The most common target brain region for rTMS in depression is the dorsolateral prefrontal cortex (DLPFC), which is a key node in thecognitive control network. This region is typically underactive in depression, so the conventional approach is to apply high-frequency, excitatory stimulation, usually on the left side of the brain. However, low-frequency stimulation of the right side is also effective, and low-frequency stimulation of the left side has also worked well for some patients in some studies.
Another potential target for rTMS in depression is the dorsomedial prefrontal cortex (DMPFC), which is the location of the dorsal nexus itself. Since this region lies deeper in the brain than the DLPFC, it is harder to reach with the shallow magnetic fields of typical flat butterfly rTMS coils. However, deeper-penetrating coils are capable of stimulating this region. Some studies have found that stimulating the DMPFC is useful in treating the impulsive food binges and purges of bulimia nervosa, or the cravings of alcohol dependence. Our clinic has also found this region to be an effective target for major depression, much like the DLPFC. However, it is still unclear whether one target is more effective than the other, or whether the most effective target and type of stimulation is different from person to person, as seems tobe the case with medication.
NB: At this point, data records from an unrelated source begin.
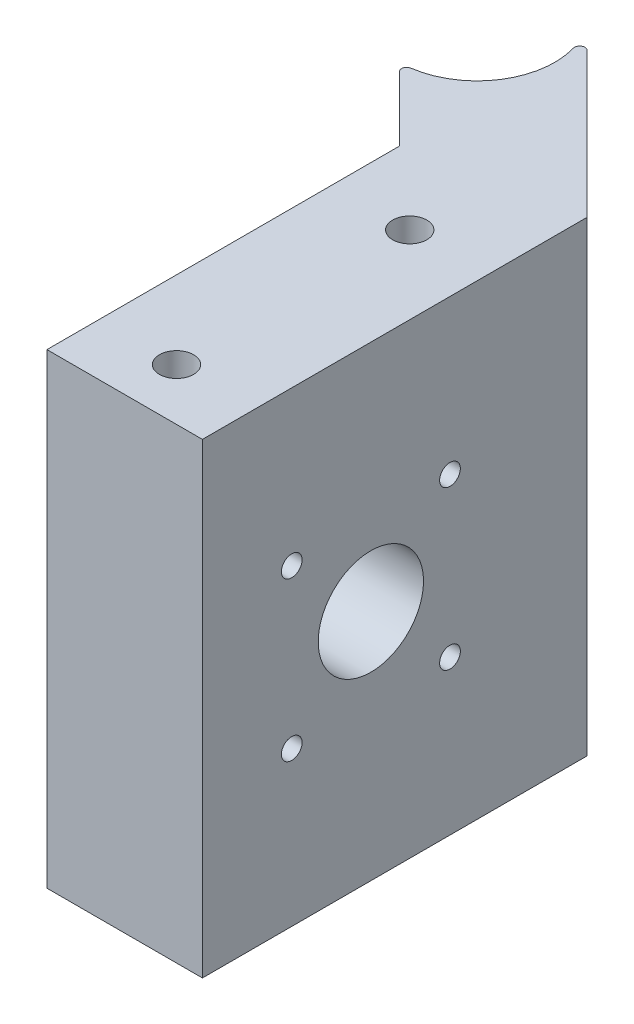
SolidWorks part; units mm, degrees
ref_plane "Front Plane" through (0, 0, 0) normal (0, 0, 1) x (1, 0, 0)
ref_plane "Top Plane" through (0, 0, 0) normal (0, 1, 0) x (1, 0, 0)
ref_plane "Right Plane" through (0, 0, 0) normal (1, 0, 0) x (0, 0, -1)
sketch "Sketch1" plane through (0, 0, 0) normal (0, 1, 0) x (1, 0, 0)
  line L0 (-14.5, 51) -> (7.5, 51) construction
  line L1 (7.5, 51) -> (7.5, 32.1066) construction
  line L2 (7.5, -5) -> (-7.5, -5)
  line L3 (-7.5, -5) -> (-7.5, 29)
  line L4 (-7.5, 36) -> (-14.5, 36) construction
  line L5 (0, 0) -> (0, -5) construction
  line L6 (-14.5, 36) -> (-7.5, 29)
  line L7 (-9.1967, 48.8033) -> (7.5, 32.1066)
  line L8 (-7.5, 29) -> (-7.5, 36) construction
  line L9 (7.5, 32.1066) -> (7.5, -5)
  circle A0 centre (0, 22.5) radius 1.65
  circle A1 centre (0, 0) radius 1.65
  arc A2 (-14.5, 36) -> (-9.1967, 48.8033) centre (-14.5, 43.5) ccw
  arc A3 (-9.1967, 48.8033) -> (-14.5, 51) centre (-14.5, 43.5) ccw construction
  dimension "D2" = 3.3
  dimension "D3" = 15
  dimension "D1" = 22.5
  dimension "D4" = 14.5
  dimension "D5" = 21
  dimension "D6" = 15
  dimension "D7" = 5
  dimension "D8" = 45
extrude "Boss-Extrude1" add sketch "Sketch1" along normal blind 45 contours A2 L6 L3 L2 L9 L7 A1 A0 region at (-0.8717, 0, -18.4654)
sketch "Sketch2" plane through (7.5, 0, 0) normal (1, 0, 0) x (0, 0, -1)
  line L0 (3.617, 30.133) -> (18.883, 14.867) construction
  line L1 (3.617, 30.133) -> (18.883, 30.133) construction
  line L2 (3.617, 30.133) -> (3.617, 14.867) construction
  line L3 (3.617, 14.867) -> (18.883, 14.867) construction
  line L4 (18.883, 30.133) -> (18.883, 14.867) construction
  line L5 (-5, 22.5) -> (11.25, 22.5) construction
  line L6 (-5, 45) -> (-5, 0) construction
  circle A0 centre (11.25, 22.5) radius 5.08
  circle A1 centre (3.617, 30.133) radius 1
  circle A2 centre (18.883, 30.133) radius 1
  circle A3 centre (18.883, 14.867) radius 1
  circle A4 centre (3.617, 14.867) radius 1
  dimension "D1" = 10.16
  dimension "D3" = 2
  dimension "D2" = 15.266
  dimension "D4" = 16.25
extrude "Cut-Extrude1" cut sketch "Sketch2" against normal up to next
fillet "Fillet1" radius 0.5 2 edges at (-9.1967, 22.5, -48.8033) (-14.5, 22.5, -36)
ref_plane "Plane1" through (0, 22.5, 0) normal (0, 1, 0) x (1, 0, 0)
sketch "Sketch3" plane through (0, 22.5, 0) normal (0, 1, 0) x (1, 0, 0)
  line L0 (-8.136, 37.136) -> (-2.8327, 42.4393)
  line L1 (-6.4581, 46.0647) -> (7.5, 32.1066) construction
  line L2 (-1.7721, 41.3787) -> (-7.0754, 36.0754)
  line L3 (-13.7263, 35.2263) -> (-7.5, 29) construction
  line L4 (-13.1083, 34.6083) -> (-11.842, 33.342)
  line L5 (-2.8327, 42.4393) -> (-1.7721, 41.3787)
  arc A0 (-13.1083, 34.6083) -> (-8.136, 37.136) centre (-14.5, 43.5) ccw
  arc A1 (-7.0754, 36.0754) -> (-11.842, 33.342) centre (-14.5, 43.5) cw
  dimension "D1" = 18
  dimension "D2" = 1.5
extrude "Cut-Extrude2" cut sketch "Sketch3" against normal mid plane 4
extrude "Cut-Extrude3" cut sketch "Sketch3<2>" against normal mid plane 4 from offset 17
sketch "Sketch3<2>" plane through (0, 22.5, 0) normal (0, 1, 0) x (1, 0, 0) same geometry as "Sketch3"
mirror "Mirror1" about plane through (0, 22.5, 0) normal (0, 1, 0) of "Cut-Extrude3"
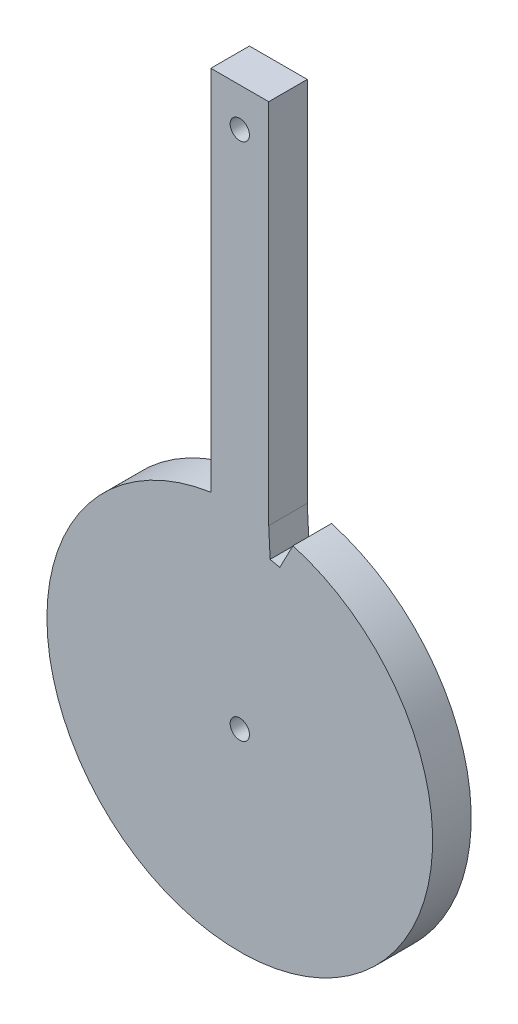
SolidWorks part; units mm, degrees
note: '?' marks a value the reader was unsure of.
material "Acrylic (Medium-high impact)"
ref_plane "Front Plane" through (0, 0, 0) normal (0, 0, 1) x (1, 0, 0)
ref_plane "Top Plane" through (0, 0, 0) normal (0, 1, 0) x (1, 0, 0)
ref_plane "Right Plane" through (0, 0, 0) normal (1, 0, 0) x (0, 0, -1)
sketch "Sketch2" plane through (0, 0, 0) normal (0, 0, 1) x (1, 0, 0)
  line L0 (7.5, 49.4343) -> (7.5, 144.62)
  line L1 (7.5, 144.62) -> (-7.5, 144.62)
  line L2 (-7.5, 144.62) -> (-7.5, 49.4343)
  line L3 (0, 0) -> (0, 144.62) construction
  arc A0 (-7.5, 49.4343) -> (7.5, 49.4343) centre (0, 0) ccw
  dimension "D1" = 50
  dimension "D2" = 15
  dimension "D3" = 15
  dimension "D4" = 144.62
base flange "Base-Flange1" sketch "Sketch2" thickness 10 reverse thickness direction no parameters "D1"=0.7366
sketch "Sketch7" plane through (0, 0, 0) normal (0, 0, 1) x (1, 0, 0)
  line L0 (7.5, 144.62) -> (-7.5, 144.62) construction
  line L1 (7.5, 49.4343) -> (7.5, 144.62) construction
  circle A0 centre (0, 134.62) radius 2.5
  circle A1 centre (0, 0) radius 2.5
  point P2 (0, 144.62)
  dimension "D1" = 5
  dimension "D2" = 10
  dimension "D3" = 7.5
extrude "Cut-Extrude1" cut sketch "Sketch7" against normal up to next normal cut yes
ref_axis "Axis1" through (0, 0, -10) along (0, 0, 1)?
sketch "Sketch8" plane through (0, 0, 0) normal (0, 0, 1) x (1, 0, 0)
  line L0 (0, 0) -> (10.668, 48.8487) construction
  line L1 (7.5, 49.4343) -> (7.8717, 42.0436)
  line L2 (0, 0) -> (7.5, 49.4343) construction
  line L3 (10.3727, 41.4974) -> (13.7917, 48.0603)
  line L4 (0, 0) -> (13.7917, 48.0603) construction
  line L5 (7.8717, 42.0436) -> (10.3727, 41.4974)
  line L7 (-7.5, 49.4343) -> (0, 0) construction
  arc A1 (-7.5, 49.4343) -> (7.5, 49.4343) centre (0, 0) ccw construction
  arc A2 (7.5, 49.4343) -> (13.7917, 48.0603) centre (0, 0) cw
  point P7 (7.5, 49.4343)
  dimension "D1" = 7.4
  dimension "D4" = 6.44
  dimension "D2" = 2.56
extrude "Cut-Extrude2" cut sketch "Sketch8" against normal up to next normal cut yes
sketch "Bend-Lines1" [suppressed] plane through (0, 0, 0) normal (0, 1, 0) x (1, 0, 0)
sketch "Bounding-Box1" [suppressed] plane through (0, 0, 0) normal (0, 1, 0) x (1, 0, 0)
sheet metal parameters "Sheet-Metal1" thickness 10 parameters "D1"=0.7366
flat pattern "Flat-Pattern1" [suppressed]
sketch "Bend-Lines2" plane through (0, 0, 0) normal (0, 1, 0) x (1, 0, 0)
sketch "Bounding-Box2" [suppressed] plane through (0, 0, 0) normal (0, 1, 0) x (1, 0, 0)
sheet metal parameters "Sheet-Metal2" thickness 10 parameters "D1"=0.7366
flat pattern "Flat-Pattern1"
sketch "Bend-Lines2" plane through (0, 0, 0) normal (0, 1, 0) x (1, 0, 0)
sketch3d "Bounding-Box2" [suppressed]
  line L0 (6.184, 148.8636, 0) -> (62.5663, -32.9462, 0) construction
  line L1 (-89.3286, 119.2436, 0) -> (-32.9462, -62.5663, 0) construction
  line L2 (6.184, 148.8636, 0) -> (-89.3286, 119.2436, 0) construction
  line L3 (62.5663, -32.9462, 0) -> (-32.9462, -62.5663, 0) construction
sheet metal parameters "Sheet-Metal3" thickness 10 parameters "D1"=0.7366
flat pattern "Flat-Pattern1"
sketch "Bend-Lines2" plane through (0, 0, 0) normal (0, 1, 0) x (1, 0, 0)
sketch3d "Bounding-Box2" [suppressed]
  line L0 (6.184, 148.8636, 0) -> (62.5663, -32.9462, 0) construction
  line L1 (-89.3286, 119.2436, 0) -> (-32.9462, -62.5663, 0) construction
  line L2 (6.184, 148.8636, 0) -> (-89.3286, 119.2436, 0) construction
  line L3 (62.5663, -32.9462, 0) -> (-32.9462, -62.5663, 0) construction
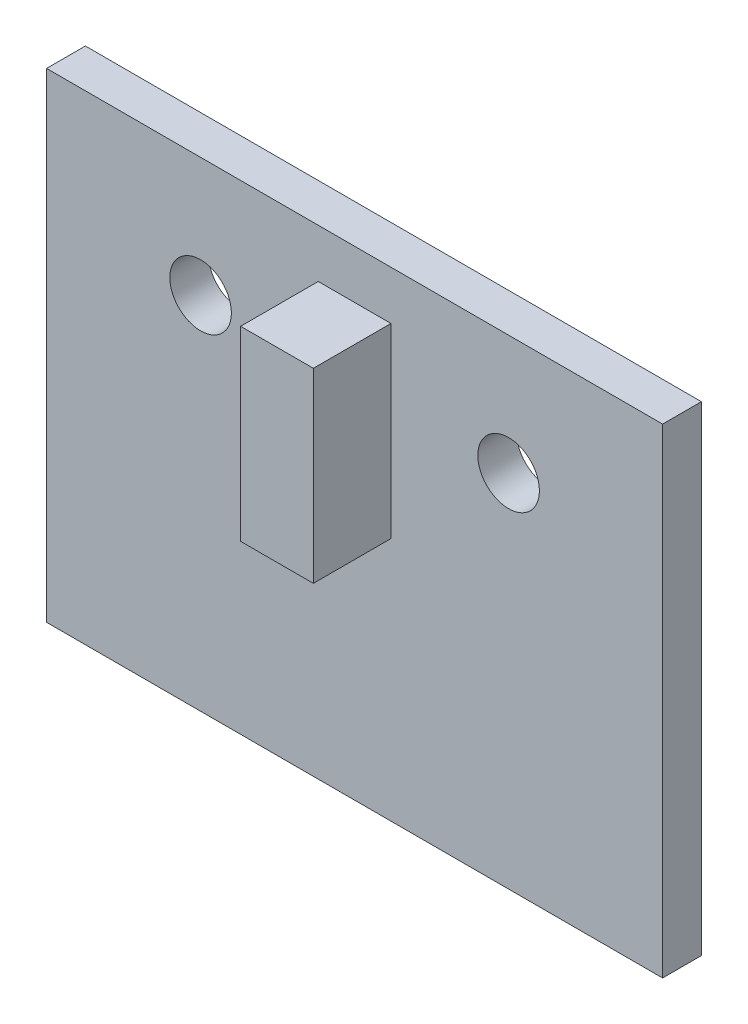
SolidWorks part; units mm, degrees
ref_plane "Front Plane" through (0, 0, 0) normal (0, 0, 1) x (1, 0, 0)
ref_plane "Top Plane" through (0, 0, 0) normal (0, 1, 0) x (1, 0, 0)
ref_plane "Right Plane" through (0, 0, 0) normal (1, 0, 0) x (0, 0, -1)
sketch "Sketch1" plane through (0, 0, 0) normal (0, 0, 1) x (1, 0, 0)
  line L0 (-3.75, 40.295) -> (-31.75, 40.295)
  line L1 (-31.75, 45.315) -> (31.75, 45.315)
  line L2 (-31.75, 45.315) -> (-31.75, -4.135)
  line L3 (-31.75, -4.135) -> (31.75, -4.135)
  line L4 (31.75, 45.315) -> (31.75, -4.135)
  line L5 (3.75, 40.295) -> (31.75, 40.295)
  line L6 (0, 40.295) -> (3.75, 40.295)
  line L8 (0, 21.095) -> (3.75, 21.095)
  line L9 (3.75, 40.295) -> (3.75, 21.095)
  line L10 (0, 21.095) -> (-3.75, 21.095)
  line L12 (0, 40.295) -> (-3.75, 40.295)
  line L13 (-3.75, 21.095) -> (-3.75, 40.295)
  circle A0 centre (-15.875, 33) radius 3.175
  circle A1 centre (15.875, 33) radius 3.175
extrude "Boss-Extrude1" add sketch "Sketch1" along normal blind 4 contours L10 L13 L0 L2 L3 L4 L5 L9 L8 | L12 L6 L5 L4 L1 L2 L0 region at (0, 17.0235, 0) region at (0, 42.805, 0)
extrude "Boss-Extrude2" add sketch "Sketch1<3>" along normal blind 12 separate body contours L13 L10 L8 L9 L6 L12 region at (0, 30.695, 0)
sketch "Sketch1<3>" plane through (0, 0, 0) normal (0, 0, 1) x (1, 0, 0) same geometry as "Sketch1"
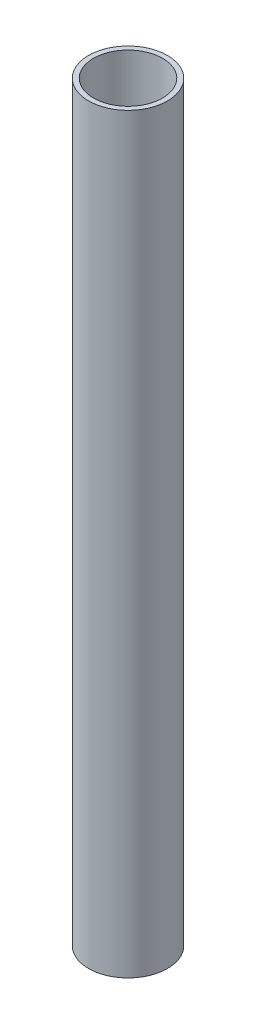
SolidWorks part; units mm, degrees
ref_plane "Front Plane" through (0, 0, 0) normal (0, 0, 1) x (1, 0, 0)
ref_plane "Top Plane" through (0, 0, 0) normal (0, 1, 0) x (1, 0, 0)
ref_plane "Right Plane" through (0, 0, 0) normal (1, 0, 0) x (0, 0, -1)
sketch "Sketch1" plane through (0, 0, 0) normal (0, 1, 0) x (1, 0, 0)
  circle A0 centre (0, 0) radius 3.5
  circle A1 centre (0, 0) radius 4
  dimension "D1" = 7
  dimension "D2" = 8
extrude "Boss-Extrude1" add sketch "Sketch1" along normal blind 76.2

The frontopolar cortex (FPC) and ventromedial prefrontal cortex (VMPFC) are also nodes in the three networks. Tucked between the two hemispheres just above eyebrow level, the FPC is one of the major nodes of the default mode network, which is central to rumination and self-reflection. Other brain stimulation treatments, like ECT and DBS, seem to work in part by decreasing the activity of the FPC and VMPFC. Rare patients who have survived damage to the FPC, from surgery or injury, sometimes show dramatic resolution in their symptoms of depression. Findings like these suggest that the FPC and VMPFC might turn out to be very powerful targets for stimulation with inhibitory forms of rTMS. Studies are now underway to see if this is the case. However, this issue is still unclear for the time being.